Let's try this program instead:

main = do
    let largeList = [1..1000000::Int]
        x1 = last largeList
        x2 = head largeList
     in print (x1, x2)
$ ghc -O example.hs
$ ./example +RTS -s
(1000000,1)
      64,051,552 bytes allocated in the heap
             400 bytes copied during GC
      26,233,360 bytes maximum residency (4 sample(s))

This program is showing 26MB maximum residency instead of 44K earlier. Why is it so? To evaluate the first element of the tuple, x1, we need to evaluate the entire list to get to the last element. However, the head of the list is referenced by the element x2 as well which is yet to be evaluated and used. Therefore, we need to retain the head until x2 is printed and freed. But head of the list is referencing the next element in the list which in turn is referring to the next element and so on, therefore, the entire list is retained in memory between the evaluation of x1 and x2.

If we change the print statement to (x2, x1) then we do not need to retain the entire list between the two evaluations.

When memory is unexpectedly retained in a program it is known as a "space-leak" in the Haskell parlance.

Forcing Expression Evaluation

Even if there is no explicit dependency in the program forcing evaluation of an expression, the programmer can force the evaluation of an expression using seq:

main = do
    let largeList = [1..1000000::Int]
        x1 = last largeList
        x2 = head largeList
     in print (x1 `seq` x2)

Similar to the example in previous section, this example also retains the entire list in memory because seq forces x1 to be evaluated before x2 and then returns x2, the evaluated list is held until x2 is returned.

Avoiding Unnecessary Memory Retention

Memory retention can be avoided by changing the way we construct the expression to process the data. We can use Streamly to avoid memory retention in the above program.

Let's first write it using streamly and reproduce the same problem:

import Data.Functor.Identity (runIdentity)
import qualified Streamly.Data.Stream as Stream
import qualified Streamly.Data.Fold as Fold

main = do
    let largeList = Stream.fromList [1..1000000::Int]
        x1 = runIdentity $ Stream.fold Fold.latest largeList
        x2 = runIdentity $ Stream.fold Fold.one largeList
     in print (x1, x2)

This program has the same behavior as the list based program, and for the same reasons.

$ ghc -O2 example.hs
$ ./example +RTS -s
(Just 1000000,Just 1)
      64,052,520 bytes allocated in the heap
             400 bytes copied during GC
      26,233,360 bytes maximum residency (4 sample(s))

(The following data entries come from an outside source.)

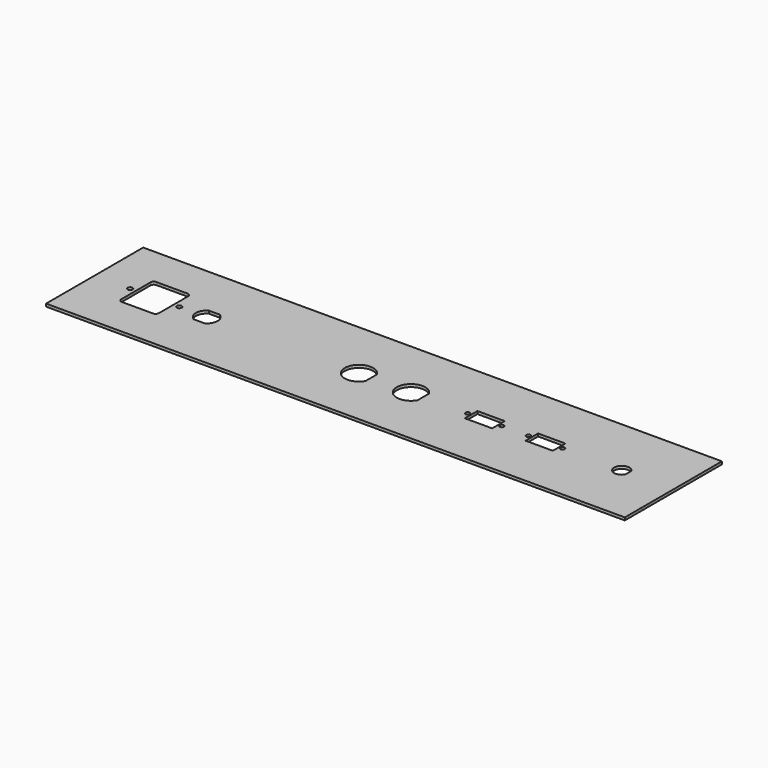
from build123d import *

# Parameters (mm, degrees)
F0_W     = 423.8752
F0_H     = 88.9
F1_DEPTH = 2
F2_R     = 1.8
F2_W     = 20.0025
F2_H     = 11.50112
F2_R_2   = 1.6
F3_DEPTH = 25.4


# Not quite as in the source:
# - a feature names something its author has since deleted; it is built from what else it names


with BuildPart() as f1:
    # F0 (on Top) → F1 (new body)
    with BuildSketch(Plane.XY):
        with Locations((20.2464647591, -83.8722900312)):
            Rectangle(F0_W, F0_H)
    extrude(amount=F1_DEPTH)

    # F2 (on face) → F3 (cut)
    with BuildSketch(Plane.XY.offset(2)):
        with Locations((-165.6916952409, -83.8722900312)):
            Circle(F2_R)
        with BuildLine():
            Line((-159.0907152409, -99.6722900312), (-136.2907152409, -99.6722900312))
            ThreePointArc((-136.2907152409, -99.6722900312), (-134.593658966, -98.9693463061), (-133.8907152409, -97.2722900312))
            Line((-133.8907152409, -97.2722900312), (-133.8907152409, -70.4722900312))
            ThreePointArc((-133.8907152409, -70.4722900312), (-134.593658966, -68.7752337564), (-136.2907152409, -68.0722900312))
            Line((-136.2907152409, -68.0722900312), (-159.0907152409, -68.0722900312))
            ThreePointArc((-159.0907152409, -68.0722900312), (-160.7877715157, -68.7752337564), (-161.4907152409, -70.4722900312))
            Line((-161.4907152409, -70.4722900312), (-161.4907152409, -97.2722900312))
            ThreePointArc((-161.4907152409, -97.2722900312), (-160.7877715157, -98.9693463061), (-159.0907152409, -99.6722900312))
        make_face()
        with Locations((-129.6922752409, -83.8722900312)):
            Circle(F2_R)
        with BuildLine():
            ThreePointArc((-105.5771334553, -90.7937900312), (-102.6578706275, -87.8662437824), (-101.5897152409, -83.8722900312))
            ThreePointArc((-101.5897152409, -83.8722900312), (-102.6578706275, -79.87833628), (-105.5771334553, -76.9507900312))
            Line((-105.5771334553, -76.9507900312), (-113.6042970265, -76.9507900312))
            ThreePointArc((-113.6042970265, -76.9507900312), (-117.5917152409, -83.8722900312), (-113.6042970265, -90.7937900312))
            Line((-113.6042970265, -90.7937900312), (-105.5771334553, -90.7937900312))
        make_face()
        with BuildLine():
            Line((10.8975047591, -89.0838157195), (10.8975047591, -78.6607643429))
            ThreePointArc((10.8975047591, -78.6607643429), (-8.5024952409, -83.8722900312), (10.8975047591, -89.0838157195))
        make_face()
        with BuildLine():
            Line((48.9975047591, -89.0838157195), (48.9975047591, -78.6607643429))
            ThreePointArc((48.9975047591, -78.6607643429), (29.5975047591, -83.8722900312), (48.9975047591, -89.0838157195))
        make_face()
        with BuildLine():
            Line((199.2388647591, -86.5704375439), (199.2388647591, -81.1741425186))
            ThreePointArc((199.2388647591, -81.1741425186), (188.8388647591, -83.8722900312), (199.2388647591, -86.5704375439))
        make_face()
        with Locations((94.0588647591, -83.8722900312)):
            Rectangle(F2_W, F2_H)
        with Locations((138.5088647591, -83.8722900312)):
            Rectangle(F2_W, F2_H)
        with Locations((106.5582047591, -83.8722900312)):
            Circle(F2_R_2)
        with Locations((81.5595247591, -83.8722900312)):
            Circle(F2_R_2)
        with Locations((126.0095247591, -83.8722900312)):
            Circle(F2_R_2)
        with Locations((151.0082047591, -83.8722900312)):
            Circle(F2_R_2)
    extrude(amount=-F3_DEPTH, mode=Mode.SUBTRACT)


solid = f1.part
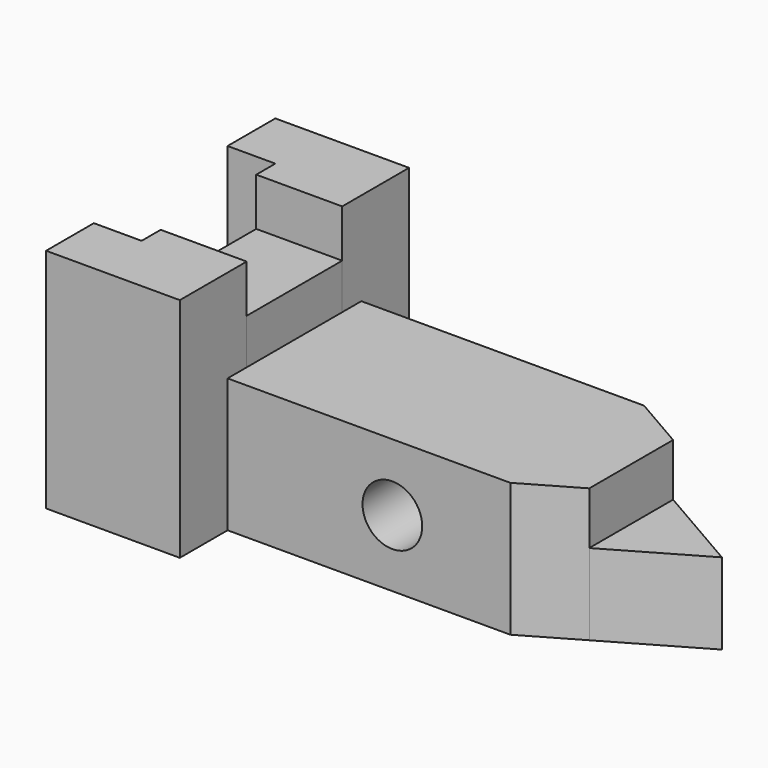
from build123d import *

# Parameters (mm, degrees)
F1_DEPTH = 48.26
F2_DEPTH = 38.1
F3_DEPTH = 28.448
F4_DEPTH = 17.272
F5_R     = 6.35
F6_DEPTH = 71.12


with BuildPart() as f1:
    # F0 (on Top) → F1 (new body)
    with BuildSketch(Plane.XY):
        Polygon((-37.172444715, -25.4), (-55.460444715, -25.4), (-55.460444715, -30.48), (-65.620444715, -30.48), (-65.620444715, -43.18), (-55.460444715, -43.18), (-37.172444715, -43.18), (-37.172444715, -30.48), align=None)
    extrude(amount=F1_DEPTH)


with BuildPart() as f1b:
    # F0 (on Top) → F1, piece 2 (new body)
    with BuildSketch(Plane.XY):
        Polygon((-55.460444715, 17.78), (-65.620444715, 17.78), (-65.620444715, 5.08), (-55.460444715, 5.08), (-55.460444715, 0), (-37.172444715, 0), (-37.172444715, 5.08), (-37.172444715, 17.78), align=None)
    extrude(amount=F1_DEPTH)


with BuildPart() as f2:
    # F0 (on Top) → F2 (new body)
    with BuildSketch(Plane.XY):
        Polygon((-37.172444715, 0), (-55.460444715, 0), (-55.460444715, -25.4), (-37.172444715, -25.4), (-37.172444715, -12.7), align=None)
    extrude(amount=F2_DEPTH)


with BuildPart() as f3:
    # F0 (on Top) → F3 (new body)
    with BuildSketch(Plane.XY):
        Polygon((22.9636919264, 5.08), (-37.172444715, 5.08), (-37.172444715, 0), (-37.172444715, -12.7), (-37.172444715, -25.4), (-37.172444715, -30.48), (22.9636919264, -30.48), (34.455555285, -23.8451695964), (34.455555285, -12.7), (34.455555285, -1.5548304036), align=None)
    extrude(amount=F3_DEPTH)

    # F0 (on Top) → F4 (join)
    with BuildSketch(Plane.XY):
        Polygon((53.759555285, -12.7), (34.455555285, -1.5548304036), (34.455555285, -12.7), (34.455555285, -23.8451695964), align=None)
    extrude(amount=F4_DEPTH)

    # F5 (on face) → F6 (cut)
    with BuildSketch(Plane.XZ.offset(30.48)):
        with Locations((-2.120444715, 14.224)):
            Circle(F5_R)
    extrude(amount=-F6_DEPTH, mode=Mode.SUBTRACT)


solid = Compound([f1.part, f1b.part, f2.part, f3.part])
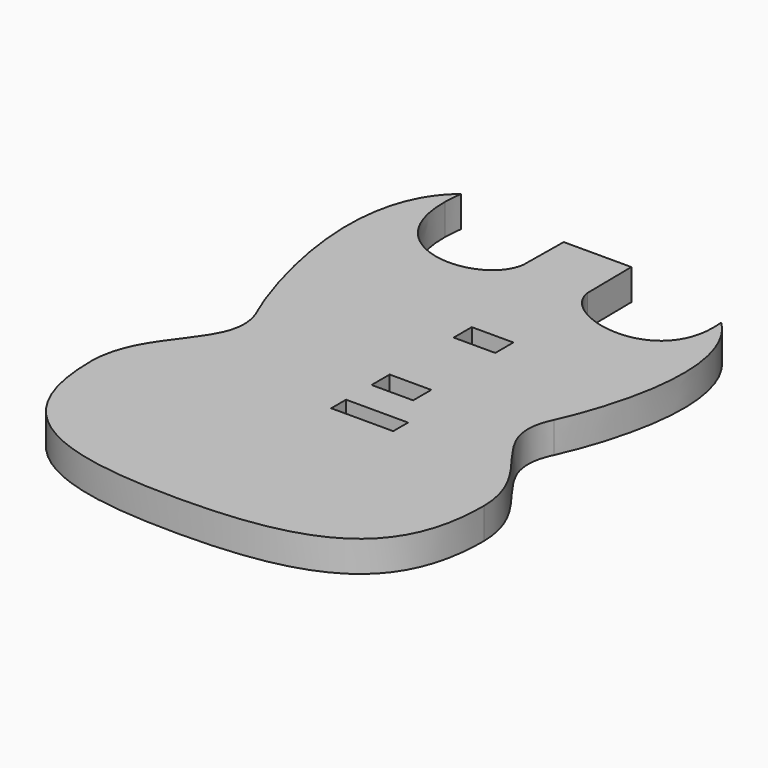
from build123d import *

# Parameters (mm, degrees)
F0_W     = 50
F0_H     = 15
F0_W_2   = 33.55
F0_H_2   = 18.263
F1_DEPTH = 25


# Not quite as in the source:
# - a feature names something its author has since deleted; it is built from what else it names


with BuildPart() as f1:
    # F0 (on Top) → F1 (new body)
    with BuildSketch(Plane.XY):
        Polygon((27.25, 107.8786835152), (-27.25, 107.8786835152), (-27.75, 67.8786835152), (-28.0282922993, 45.6152995713), (-28.25, 27.8786835152), (28.25, 27.8786835152), (28.0907844192, 40.6159299829), (27.8110993763, 62.99073341), align=None)
        with BuildLine():
            Line((-28.0282922993, 45.6152995713), (-27.75, 67.8786835152))
            add(Edge.make_bspline(
                [(-119.8866222784, 104.0838235955), (-121.0423578492, 26.6975843315), (-33.4381163475, 27.9588649836), (-27.75, 67.8786835152)],
                knots=[5.8207414298, 5.8207414298, 5.8207414298, 5.8207414298, 104.177036671, 104.177036671, 104.177036671, 104.177036671], degree=3))
            add(Edge.make_bspline(
                [(-129.4312865498, 88.9177944447), (-128.9681788838, 89.9439533029), (-126.7042715733, 94.6909513961), (-123.5656981618, 99.854792643), (-120.3833088728, 103.5358856243), (-119.8866222778, 104.0838235953)],
                knots=[174.7937382561, 174.7937382561, 174.7937382561, 174.7937382561, 178.1663413599, 190.5368056939, 192.7537167942, 192.7537167942, 192.7537167942, 192.7537167942], degree=3))
            add(Edge.make_bspline(
                [(-129.4312865498, 88.9177944447), (-129.3109849454, 88.0758069), (-128.4336564101, 82.4912333506), (-125.9636072037, 72.6752311218), (-120.2024501307, 60.4880102216), (-112.6215186167, 50.3680139367), (-103.6339611104, 42.3905323107), (-93.696674412, 36.532063254), (-83.2179047221, 32.6896328601), (-72.5392583415, 30.7367375732), (-61.9410573447, 30.5552142432), (-51.6845955009, 32.0994665415), (-42.5038344938, 35.1003258688), (-35.1676094551, 39.272763754), (-30.7048923289, 42.9689824885), (-28.563789449, 45.0637979027), (-28.0282922993, 45.6152995713)],
                knots=[31.2550682463, 31.2550682463, 31.2550682463, 31.2550682463, 33.8015913522, 48.177750167, 61.4744919422, 73.96612477, 85.8554939797, 97.2898755487, 108.3722273852, 119.1669646926, 129.7095146782, 140.0247340346, 150.1520713556, 158.5067230901, 165.1780752822, 167.4830132535, 167.4830132535, 167.4830132535, 167.4830132535], degree=3))
        make_face()
        with BuildLine():
            add(Edge.make_bspline(
                [(27.8110993763, 62.99073341), (32.2933669496, 29.2229355953), (113.1124852102, 12.6623549852), (118.8562015646, 69.1546411271)],
                knots=[0, 0, 0, 0, 86.4138969398, 86.4138969398, 86.4138969398, 86.4138969398], degree=3))
            Line((27.8110993763, 62.99073341), (28.0907844192, 40.6159299829))
            add(Edge.make_bspline(
                [(28.0907844192, 40.6159299829), (29.287798378, 39.3429032121), (32.9148444473, 35.925399713), (39.7570190189, 31.2557479048), (48.6151552623, 26.9252261046), (58.1307163688, 23.8031969869), (68.0898843108, 21.9265931964), (78.3013198669, 21.4068174609), (88.5616997912, 22.40383688), (98.6335430856, 25.1427600429), (108.1809690997, 29.9014168198), (116.6857490885, 36.9285745162), (122.9775786719, 45.5470774874), (125.7269242874, 51.946079615), (126.7237292348, 54.9306006364)],
                knots=[23.8574779363, 23.8574779363, 23.8574779363, 23.8574779363, 29.0928113686, 38.7540016942, 48.5866257781, 58.5851158791, 68.7062096676, 78.9034224293, 89.1584624493, 99.5062924883, 110.045747029, 120.9208868969, 132.2887869108, 141.7007014746, 141.7007014746, 141.7007014746, 141.7007014746], degree=3))
            add(Edge.make_bspline(
                [(126.7237292348, 54.9306006364), (126.1874967207, 56.2317474218), (124.1003720443, 60.9435117835), (121.4166682373, 65.6994419315), (119.0247712369, 68.9308388277), (118.8562015646, 69.1546411271)],
                knots=[140.16898266, 140.16898266, 140.16898266, 140.16898266, 144.3874002602, 155.6048910041, 156.4452003175, 156.4452003175, 156.4452003175, 156.4452003175], degree=3))
        make_face()
        with BuildLine():
            Line((-28.25, 27.8786835152), (-28.0282922993, 45.6152995713))
            add(Edge.make_bspline(
                [(-129.4312865498, 88.9177944447), (-129.3109849454, 88.0758069), (-128.4336564101, 82.4912333506), (-125.9636072037, 72.6752311218), (-120.2024501307, 60.4880102216), (-112.6215186167, 50.3680139367), (-103.6339611104, 42.3905323107), (-93.696674412, 36.532063254), (-83.2179047221, 32.6896328601), (-72.5392583415, 30.7367375732), (-61.9410573447, 30.5552142432), (-51.6845955009, 32.0994665415), (-42.5038344938, 35.1003258688), (-35.1676094551, 39.272763754), (-30.7048923289, 42.9689824885), (-28.563789449, 45.0637979027), (-28.0282922993, 45.6152995713)],
                knots=[31.2550682463, 31.2550682463, 31.2550682463, 31.2550682463, 33.8015913522, 48.177750167, 61.4744919422, 73.96612477, 85.8554939797, 97.2898755487, 108.3722273852, 119.1669646926, 129.7095146782, 140.0247340346, 150.1520713556, 158.5067230901, 165.1780752822, 167.4830132535, 167.4830132535, 167.4830132535, 167.4830132535], degree=3))
            add(Edge.make_bspline(
                [(-130.1583163956, 106.6368603294), (-130.2482463228, 105.1422313843), (-130.4708327377, 99.2283714352), (-130.0575927336, 93.3012938045), (-129.4312865498, 88.9177944447)],
                knots=[13.5070543021, 13.5070543021, 13.5070543021, 13.5070543021, 17.9975296122, 31.2550682463, 31.2550682463, 31.2550682463, 31.2550682463], degree=3))
            add(Edge.make_bspline(
                [(-119.5249942189, -85.1707845054), (-126.9605969931, -69.461302998), (-172.4103162726, 49.7161929114), (-130.1583163912, 106.6368603279)],
                knots=[0, 0, 0, 0, 189.1875471614, 189.1875471614, 189.1875471614, 189.1875471614], degree=3))
            add(Edge.make_bspline(
                [(-158.25, -204.448345688), (-157.6418556412, -147.7076234473), (-96.9115691033, -132.1890450103), (-119.5249942189, -85.1707845054)],
                knots=[0, 0, 0, 0, 125.406390086, 125.406390086, 125.406390086, 125.406390086], degree=3))
            add(Edge.make_bspline(
                [(-158.25, -204.448345688), (-158.25, -290.2131974697), (-106.7391799071, -316.9097596875), (0, -316.9097596875)],
                knots=[0, 0, 0, 0, 194.1407534207, 194.1407534207, 194.1407534207, 194.1407534207], degree=3))
            add(Edge.make_bspline(
                [(158.25, -204.448345688), (158.25, -290.2131974697), (106.7391799071, -316.9097596875), (0, -316.9097596875)],
                knots=[0, 0, 0, 0, 194.1407534207, 194.1407534207, 194.1407534207, 194.1407534207], degree=3))
            add(Edge.make_bspline(
                [(158.25, -204.448345688), (157.6418556412, -147.7076234473), (96.9115691033, -132.1890450103), (119.5249942189, -85.1707845054)],
                knots=[0, 0, 0, 0, 125.406390086, 125.406390086, 125.406390086, 125.406390086], degree=3))
            add(Edge.make_bspline(
                [(119.5249942189, -85.1707845054), (126.5438310067, -70.3415708106), (163.0129687478, 16.9513401574), (129.6580469223, 70.4506637657)],
                knots=[0, 0, 0, 0, 155.1840675903, 155.1840675903, 155.1840675903, 155.1840675903], degree=3))
            add(Edge.make_bspline(
                [(126.7237292348, 54.9306006364), (127.0043283083, 55.7707387556), (128.5538224017, 60.8007183147), (129.4403792123, 66.0439240135), (129.6568620638, 70.4263535727), (129.6580469223, 70.4506637657)],
                knots=[141.7007014746, 141.7007014746, 141.7007014746, 141.7007014746, 144.3501410806, 157.4352190661, 157.5082077989, 157.5082077989, 157.5082077989, 157.5082077989], degree=3))
            add(Edge.make_bspline(
                [(28.0907844192, 40.6159299829), (29.287798378, 39.3429032121), (32.9148444473, 35.925399713), (39.7570190189, 31.2557479048), (48.6151552623, 26.9252261046), (58.1307163688, 23.8031969869), (68.0898843108, 21.9265931964), (78.3013198669, 21.4068174609), (88.5616997912, 22.40383688), (98.6335430856, 25.1427600429), (108.1809690997, 29.9014168198), (116.6857490885, 36.9285745162), (122.9775786719, 45.5470774874), (125.7269242874, 51.946079615), (126.7237292348, 54.9306006364)],
                knots=[23.8574779363, 23.8574779363, 23.8574779363, 23.8574779363, 29.0928113686, 38.7540016942, 48.5866257781, 58.5851158791, 68.7062096676, 78.9034224293, 89.1584624493, 99.5062924883, 110.045747029, 120.9208868969, 132.2887869108, 141.7007014746, 141.7007014746, 141.7007014746, 141.7007014746], degree=3))
            Line((28.0907844192, 40.6159299829), (28.25, 27.8786835152))
            Line((28.25, 27.8786835152), (-28.25, 27.8786835152))
        make_face()
        with Locations((25, -153.0963164848)):
            Rectangle(F0_W, F0_H, mode=Mode.SUBTRACT)
        Polygon((0, -119.9348074679), (0, -101.6718074679), (27.3104757071, -101.6718074679), (33.55, -101.6718074679), (33.55, -119.9348074679), align=None, mode=Mode.SUBTRACT)
        with Locations((16.775, -28.0059413371)):
            Rectangle(F0_W_2, F0_H_2, mode=Mode.SUBTRACT)
        with BuildLine():
            add(Edge.make_bspline(
                [(-129.4312865498, 88.9177944447), (-128.9681788838, 89.9439533029), (-126.7042715733, 94.6909513961), (-123.5656981618, 99.854792643), (-120.3833088728, 103.5358856243), (-119.8866222778, 104.0838235953)],
                knots=[174.7937382561, 174.7937382561, 174.7937382561, 174.7937382561, 178.1663413599, 190.5368056939, 192.7537167942, 192.7537167942, 192.7537167942, 192.7537167942], degree=3))
            add(Edge.make_bspline(
                [(-118.7134671008, 118.6576419779), (-119.4389657293, 113.5187304004), (-119.8182256607, 108.6635537275), (-119.8866222784, 104.0838235955)],
                knots=[0, 0, 0, 0, 5.8207414298, 5.8207414298, 5.8207414298, 5.8207414298], degree=3))
            add(Edge.make_bspline(
                [(-130.1583163912, 106.6368603279), (-126.888150362, 111.0423330505), (-123.0926289669, 115.0748717049), (-118.7134671008, 118.6576419779)],
                knots=[189.1875471614, 189.1875471614, 189.1875471614, 189.1875471614, 203.8300419931, 203.8300419931, 203.8300419931, 203.8300419931], degree=3))
            add(Edge.make_bspline(
                [(-130.1583163956, 106.6368603294), (-130.2482463228, 105.1422313843), (-130.4708327377, 99.2283714352), (-130.0575927336, 93.3012938045), (-129.4312865498, 88.9177944447)],
                knots=[13.5070543021, 13.5070543021, 13.5070543021, 13.5070543021, 17.9975296122, 31.2550682463, 31.2550682463, 31.2550682463, 31.2550682463], degree=3))
        make_face()
        with BuildLine():
            add(Edge.make_bspline(
                [(118.8562015646, 69.1546411271), (119.3162948222, 73.679885474), (119.2946583668, 78.6738817109), (118.7134671008, 84.1653342065)],
                knots=[86.4138969398, 86.4138969398, 86.4138969398, 86.4138969398, 93.3359747193, 93.3359747193, 93.3359747193, 93.3359747193], degree=3))
            add(Edge.make_bspline(
                [(126.7237292348, 54.9306006364), (126.1874967207, 56.2317474218), (124.1003720443, 60.9435117835), (121.4166682373, 65.6994419315), (119.0247712369, 68.9308388277), (118.8562015646, 69.1546411271)],
                knots=[140.16898266, 140.16898266, 140.16898266, 140.16898266, 144.3874002602, 155.6048910041, 156.4452003175, 156.4452003175, 156.4452003175, 156.4452003175], degree=3))
            add(Edge.make_bspline(
                [(126.7237292348, 54.9306006364), (127.0043283083, 55.7707387556), (128.5538224017, 60.8007183147), (129.4403792123, 66.0439240135), (129.6568620638, 70.4263535727), (129.6580469223, 70.4506637657)],
                knots=[141.7007014746, 141.7007014746, 141.7007014746, 141.7007014746, 144.3501410806, 157.4352190661, 157.5082077989, 157.5082077989, 157.5082077989, 157.5082077989], degree=3))
            add(Edge.make_bspline(
                [(129.6580469223, 70.4506637657), (126.6158182503, 75.3302187852), (122.992732948, 79.9286496563), (118.7134671008, 84.1653342065)],
                knots=[155.1840675903, 155.1840675903, 155.1840675903, 155.1840675903, 169.3380632837, 169.3380632837, 169.3380632837, 169.3380632837], degree=3))
        make_face()
    extrude(amount=F1_DEPTH)


solid = f1.part

However, we can compose the two folds using the teeWith combinator such that we distribute a each element of the list to both the folds simultaneously, thus avoiding the retainment of the entire list:

import Data.Functor.Identity (runIdentity)
import qualified Streamly.Data.Stream as Stream
import qualified Streamly.Data.Fold as Fold

main = do
    let largeList = Stream.fromList [1..1000000::Int]
        x = Fold.teeWith (,) Fold.latest Fold.one
     in print $ runIdentity $ Stream.fold x largeList
$ ghc -O2 example.hs
$ ./example +RTS -s
(Just 1000000,Just 1)
      64,052,736 bytes allocated in the heap
             280 bytes copied during GC
          44,328 bytes maximum residency (2 sample(s))

This program uses constant small memory footprint (44K) irrespective of the order of the elements in the tuple. When an element is generated by the list it is supplied to both the folds before generating the next element, therefore, it can be immediately freed.

Streamly covers all the functionality of standard Haskell lists but in addition provides powerful composition tools for better efficiency.